◆ **Input records**
□ □ □ □

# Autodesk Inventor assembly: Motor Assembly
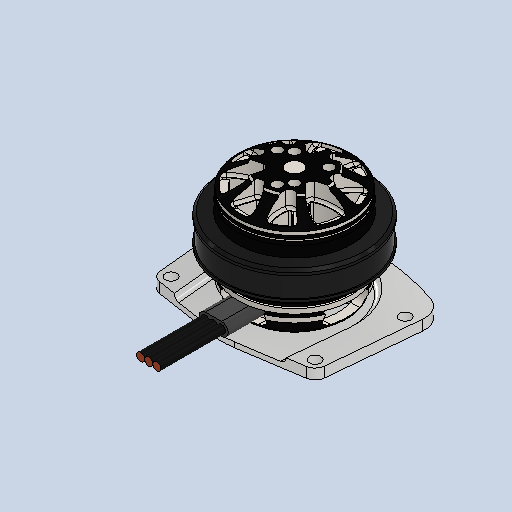
[picture p0: Inventor's stored thumbnail of the model, 512x512]
Saved by Autodesk Inventor 2023.2 (Build 272271000, 271)
## iProperties
Created: 2022-12-29
Part Number: Motor Assembly
Document SubType Name: Assembly
Designer: Nathan Cai
Mass: 123.954 g
Surface Area: 232.499 cm^2
Volume: 31.2781 cm^3
Density: 3.96298 g/cm^3
Author: Nathan Cai
## Documents named in this file (4)
- E:\Documents\Inventor\Moon Cake V1.01\Motor Assembly.iam
- E:\Documents\Inventor\Moon Cake V1.01\Motor Plate.ipt
- E:\Documents\Inventor\Moon Cake V1.01\Band - Hub.ipt
- E:\Documents\Inventor\Moon Cake V1.01\Flash_Hobby_D3536EVO v3\Flash_Hobby_D3536EVO v3.iam
## Components (3 placed, 3 different names)
1. Motor Plate:1 — Mate:26, Mate:27, Mate:28, Mate:29
2. Band - Hub:1 — Mate:26
3. Flash_Hobby_D3536EVO v3:1 [sub-assembly] — Mate:27, Mate:28, Mate:29
## Relationships (4: Mate 4)
- Mate:26 (12.7 mm): Motor Plate:1 ↔ Band - Hub:1
- Mate:27: Motor Plate:1 ↔ Flash_Hobby_D3536EVO v3:1
- Mate:28: Motor Plate:1 ↔ Flash_Hobby_D3536EVO v3:1
- Mate:29: Motor Plate:1 ↔ Flash_Hobby_D3536EVO v3:1

□ □ □ □

The response must repeat all the lines above exactly and include no pictures.

# Autodesk Inventor assembly: Motor Assembly
[picture p0: Inventor's stored thumbnail of the model, 512x512]
Saved by Autodesk Inventor 2023.2 (Build 272271000, 271)
## iProperties
Created: 2022-12-29
Part Number: Motor Assembly
Document SubType Name: Assembly
Designer: Nathan Cai
Mass: 123.954 g
Surface Area: 232.499 cm^2
Volume: 31.2781 cm^3
Density: 3.96298 g/cm^3
Author: Nathan Cai
## Documents named in this file (4)
- E:\Documents\Inventor\Moon Cake V1.01\Motor Assembly.iam
- E:\Documents\Inventor\Moon Cake V1.01\Motor Plate.ipt
- E:\Documents\Inventor\Moon Cake V1.01\Band - Hub.ipt
- E:\Documents\Inventor\Moon Cake V1.01\Flash_Hobby_D3536EVO v3\Flash_Hobby_D3536EVO v3.iam
## Components (3 placed, 3 different names)
1. Motor Plate:1 — Mate:26, Mate:27, Mate:28, Mate:29
2. Band - Hub:1 — Mate:26
3. Flash_Hobby_D3536EVO v3:1 [sub-assembly] — Mate:27, Mate:28, Mate:29
## Relationships (4: Mate 4)
- Mate:26 (12.7 mm): Motor Plate:1 ↔ Band - Hub:1
- Mate:27: Motor Plate:1 ↔ Flash_Hobby_D3536EVO v3:1
- Mate:28: Motor Plate:1 ↔ Flash_Hobby_D3536EVO v3:1
- Mate:29: Motor Plate:1 ↔ Flash_Hobby_D3536EVO v3:1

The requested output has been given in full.